Concretamente, habló de la necesidad de que los pastores sean guías de su gente viviendo con ella, estando en medio de su pueblo, “detrás de él” para ayudar y encaminar a los rezagados y “delante de él” para guiarlo.
Pero al mismo tiempo señaló dos grandes vicios de la relación entre los laicos y la jerarquía: el clericalismo y el pelagianismo, siendo el primero tal vez el más extendido y pernicioso, pues reduce al laico a una especie de colaborador del sacerdote o a un actor pasivo cuya acción se limita a seguir las consignas de los clérigos.
En este sentido, afirmó el Papa rotundamente que “entramos a la Iglesia como laicos, no como sacerdotes”, recordando repetidas veces durante su discurso la importancia que tiene por ello la noción de “pueblo de Dios”.
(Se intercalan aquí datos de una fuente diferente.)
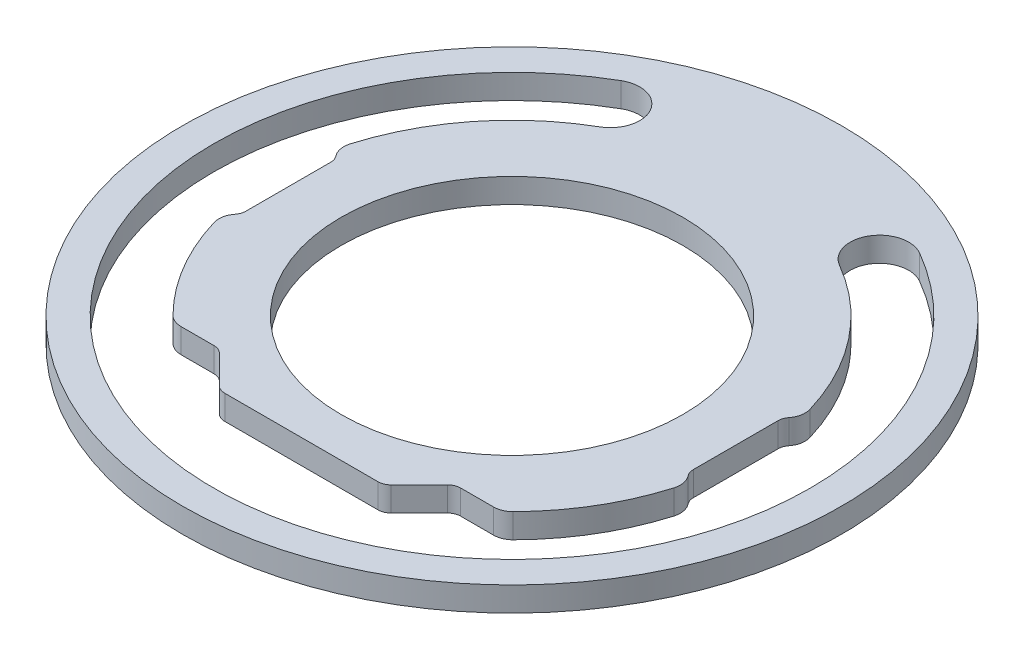
ISO-10303-21;
HEADER;
FILE_DESCRIPTION(('STEP AP214'),'2;1');
FILE_NAME('part.step','',(''),(''),'','','');
FILE_SCHEMA(('AUTOMOTIVE_DESIGN { 1 0 10303 214 1 1 1 1 }'));
ENDSEC;
DATA;
#1=APPLICATION_CONTEXT('core data for automotive mechanical design processes');
#2=APPLICATION_PROTOCOL_DEFINITION('international standard','automotive_design',2000,#1);
#3=PRODUCT_CONTEXT('',#1,'mechanical');
#4=PRODUCT('Part','Part','',(#3));
#5=PRODUCT_RELATED_PRODUCT_CATEGORY('part','',(#4));
#6=PRODUCT_DEFINITION_FORMATION('','',#4);
#7=PRODUCT_DEFINITION_CONTEXT('part definition',#1,'design');
#8=PRODUCT_DEFINITION('design','',#6,#7);
#9=PRODUCT_DEFINITION_SHAPE('','',#8);
#10=(LENGTH_UNIT() NAMED_UNIT(*) SI_UNIT(.MILLI.,.METRE.));
#11=(NAMED_UNIT(*) PLANE_ANGLE_UNIT() SI_UNIT($,.RADIAN.));
#12=(NAMED_UNIT(*) SI_UNIT($,.STERADIAN.) SOLID_ANGLE_UNIT());
#13=UNCERTAINTY_MEASURE_WITH_UNIT(LENGTH_MEASURE(1.E-05),#10,'distance_accuracy_value','');
#14=(GEOMETRIC_REPRESENTATION_CONTEXT(3) GLOBAL_UNCERTAINTY_ASSIGNED_CONTEXT((#13)) GLOBAL_UNIT_ASSIGNED_CONTEXT((#10,
#11,#12)) REPRESENTATION_CONTEXT('',''));
#15=CARTESIAN_POINT('',(0.,0.,0.));
#16=DIRECTION('',(0.,0.,1.));
#17=DIRECTION('',(1.,0.,0.));
#18=AXIS2_PLACEMENT_3D('',#15,#16,#17);
#19=CARTESIAN_POINT('',(0.,3.175,0.));
#20=DIRECTION('',(0.,1.,0.));
#21=DIRECTION('',(0.,0.,1.));
#22=AXIS2_PLACEMENT_3D('',#19,#20,#21);
#23=PLANE('',#22);
#24=DIRECTION('',(1.,0.,0.));
#25=VECTOR('',#24,1.);
#26=CARTESIAN_POINT('',(0.,3.175,22.7217897993642));
#27=LINE('',#26,#25);
#28=CARTESIAN_POINT('',(16.0371198799042,3.175,22.7217897993642));
#29=VERTEX_POINT('',#28);
#30=CARTESIAN_POINT('',(20.3189331103846,3.175,22.7217897993641));
#31=VERTEX_POINT('',#30);
#32=EDGE_CURVE('E299',#29,#31,#27,.T.);
#33=ORIENTED_EDGE('',*,*,#32,.T.);
#34=CARTESIAN_POINT('',(20.3189331103845,3.175,20.1817897993641));
#35=DIRECTION('',(0.,1.,0.));
#36=DIRECTION('',(0.,0.,1.));
#37=AXIS2_PLACEMENT_3D('',#34,#35,#36);
#38=CIRCLE('',#37,2.54);
#39=CARTESIAN_POINT('',(22.1210557809286,3.175,21.9717489833432));
#40=VERTEX_POINT('',#39);
#41=EDGE_CURVE('E471',#31,#40,#38,.T.);
#42=ORIENTED_EDGE('',*,*,#41,.T.);
#43=CARTESIAN_POINT('',(0.,3.175,0.));
#44=DIRECTION('',(0.,-1.,0.));
#45=DIRECTION('',(0.,0.,1.));
#46=AXIS2_PLACEMENT_3D('',#43,#44,#45);
#47=CIRCLE('',#46,31.1785);
#48=CARTESIAN_POINT('',(29.8983970830745,3.175,8.84221205993165));
#49=VERTEX_POINT('',#48);
#50=EDGE_CURVE('E418',#49,#40,#47,.T.);
#51=ORIENTED_EDGE('',*,*,#50,.F.);
#52=CARTESIAN_POINT('',(27.4626824530888,3.175,8.12186891859302));
#53=DIRECTION('',(0.,1.,0.));
#54=DIRECTION('',(0.,0.,1.));
#55=AXIS2_PLACEMENT_3D('',#52,#53,#54);
#56=CIRCLE('',#55,2.54);
#57=CARTESIAN_POINT('',(29.4606461810242,3.175,6.553512791352));
#58=VERTEX_POINT('',#57);
#59=EDGE_CURVE('E462',#49,#58,#56,.T.);
#60=ORIENTED_EDGE('',*,*,#59,.T.);
#61=CARTESIAN_POINT('',(30.7900000000049,3.175,5.51000024999875));
#62=DIRECTION('',(0.,1.,0.));
#63=DIRECTION('',(0.,0.,1.));
#64=AXIS2_PLACEMENT_3D('',#61,#62,#63);
#65=CIRCLE('',#64,1.68999999999995);
#66=CARTESIAN_POINT('',(29.1000000000049,3.175,5.51000024999876));
#67=VERTEX_POINT('',#66);
#68=EDGE_CURVE('E362',#67,#58,#65,.T.);
#69=ORIENTED_EDGE('',*,*,#68,.F.);
#70=DIRECTION('',(0.,0.,-1.));
#71=VECTOR('',#70,1.);
#72=CARTESIAN_POINT('',(29.1000000000049,3.175,-1.09939275921327E-13));
#73=LINE('',#72,#71);
#74=CARTESIAN_POINT('',(29.1000000000049,3.175,-5.51000024999895));
#75=VERTEX_POINT('',#74);
#76=EDGE_CURVE('E374',#67,#75,#73,.T.);
#77=ORIENTED_EDGE('',*,*,#76,.T.);
#78=CARTESIAN_POINT('',(30.7900000000052,3.175,-5.51000024999892));
#79=DIRECTION('',(0.,1.,0.));
#80=DIRECTION('',(0.,0.,1.));
#81=AXIS2_PLACEMENT_3D('',#78,#79,#80);
#82=CIRCLE('',#81,1.69000000000029);
#83=CARTESIAN_POINT('',(29.4606461810242,3.175,-6.55351279135231));
#84=VERTEX_POINT('',#83);
#85=EDGE_CURVE('E371',#84,#75,#82,.T.);
#86=ORIENTED_EDGE('',*,*,#85,.F.);
#87=CARTESIAN_POINT('',(27.4626824530888,3.175,-8.12186891859324));
#88=DIRECTION('',(0.,1.,0.));
#89=DIRECTION('',(0.,0.,1.));
#90=AXIS2_PLACEMENT_3D('',#87,#88,#89);
#91=CIRCLE('',#90,2.54);
#92=CARTESIAN_POINT('',(29.8983970830745,3.175,-8.84221205993189));
#93=VERTEX_POINT('',#92);
#94=EDGE_CURVE('E465',#84,#93,#91,.T.);
#95=ORIENTED_EDGE('',*,*,#94,.T.);
#96=CARTESIAN_POINT('',(15.58925,3.175,-27.0013730518931));
#97=VERTEX_POINT('',#96);
#98=EDGE_CURVE('E414',#97,#93,#47,.T.);
#99=ORIENTED_EDGE('',*,*,#98,.F.);
#100=CARTESIAN_POINT('',(17.49425,3.175,-30.3009298403118));
#101=DIRECTION('',(0.,1.,0.));
#102=DIRECTION('',(0.,0.,1.));
#103=AXIS2_PLACEMENT_3D('',#100,#101,#102);
#104=CIRCLE('',#103,3.81);
#105=CARTESIAN_POINT('',(19.39925,3.175,-33.6004866287305));
#106=VERTEX_POINT('',#105);
#107=EDGE_CURVE('E409',#106,#97,#104,.T.);
#108=ORIENTED_EDGE('',*,*,#107,.F.);
#109=CARTESIAN_POINT('',(0.,3.175,0.));
#110=DIRECTION('',(0.,1.,0.));
#111=DIRECTION('',(0.,0.,1.));
#112=AXIS2_PLACEMENT_3D('',#109,#110,#111);
#113=CIRCLE('',#112,38.7985);
#114=CARTESIAN_POINT('',(-19.39925,3.175,-33.6004866287305));
#115=VERTEX_POINT('',#114);
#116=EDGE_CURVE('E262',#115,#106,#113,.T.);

Invitó así a todos los asistentes –que incluían a tres laicos que participaron como invitados en la Asamblea– a trabajar intensamente por impulsar desde la Iglesia, la real inserción de los laicos en la vida pública de los países de América Latina y a una verdadera “conversión pastoral” que favorezca dicho cometido.
La plenaria inició su labor el martes con una celebración eucarística en la basílica de San Pedro, ante la tumba del apóstol Pedro. Entre las disertaciones estuvo la del Dr. Guzmán Carriquiry: sobre cómo explicar “la notable ausencia en el ámbito político, comunicativo y universitario de voces e iniciativas de líderes católicos”.
El cardenal Robles Ortega, arzobispo de Guadalajara, dio una conferencia sobre “Criterios y modalidades para la formación de una nueva generación de laicos católicos como constructores de sociedad”.

En cambio el arzobispo de San Pablo, cardenal Odilo Scherer, habló de “Escucha, sostén, compañía y guía de los Pastores a los laicos comprometidos en la vida pública: ¿cómo realizarlas?”
Por su parte el cardenal Óscar Rodríguez Maradiaga, arzobispo de Tegucigalpa, abordó el tema: “Hacia un proyecto histórico para América Latina: aportes fundamentales de los católicos para un ‘programa’ de transformación social y construcción nacional en América Latina”. El cardenal Ouellet, al concluir el evento, presentó además un proyecto de recomendaciones pastorales.

El cardenal canadiense señaló también durante el congreso que entre los objetivos se inserta la colaboración entre la Comisión Pontificia y el CELAM, que tiene ya como horizonte próximo la Celebración continental del Jubileo de la Misericordia, que se realizará en Bogotá del 27 al 30 de agosto del este año.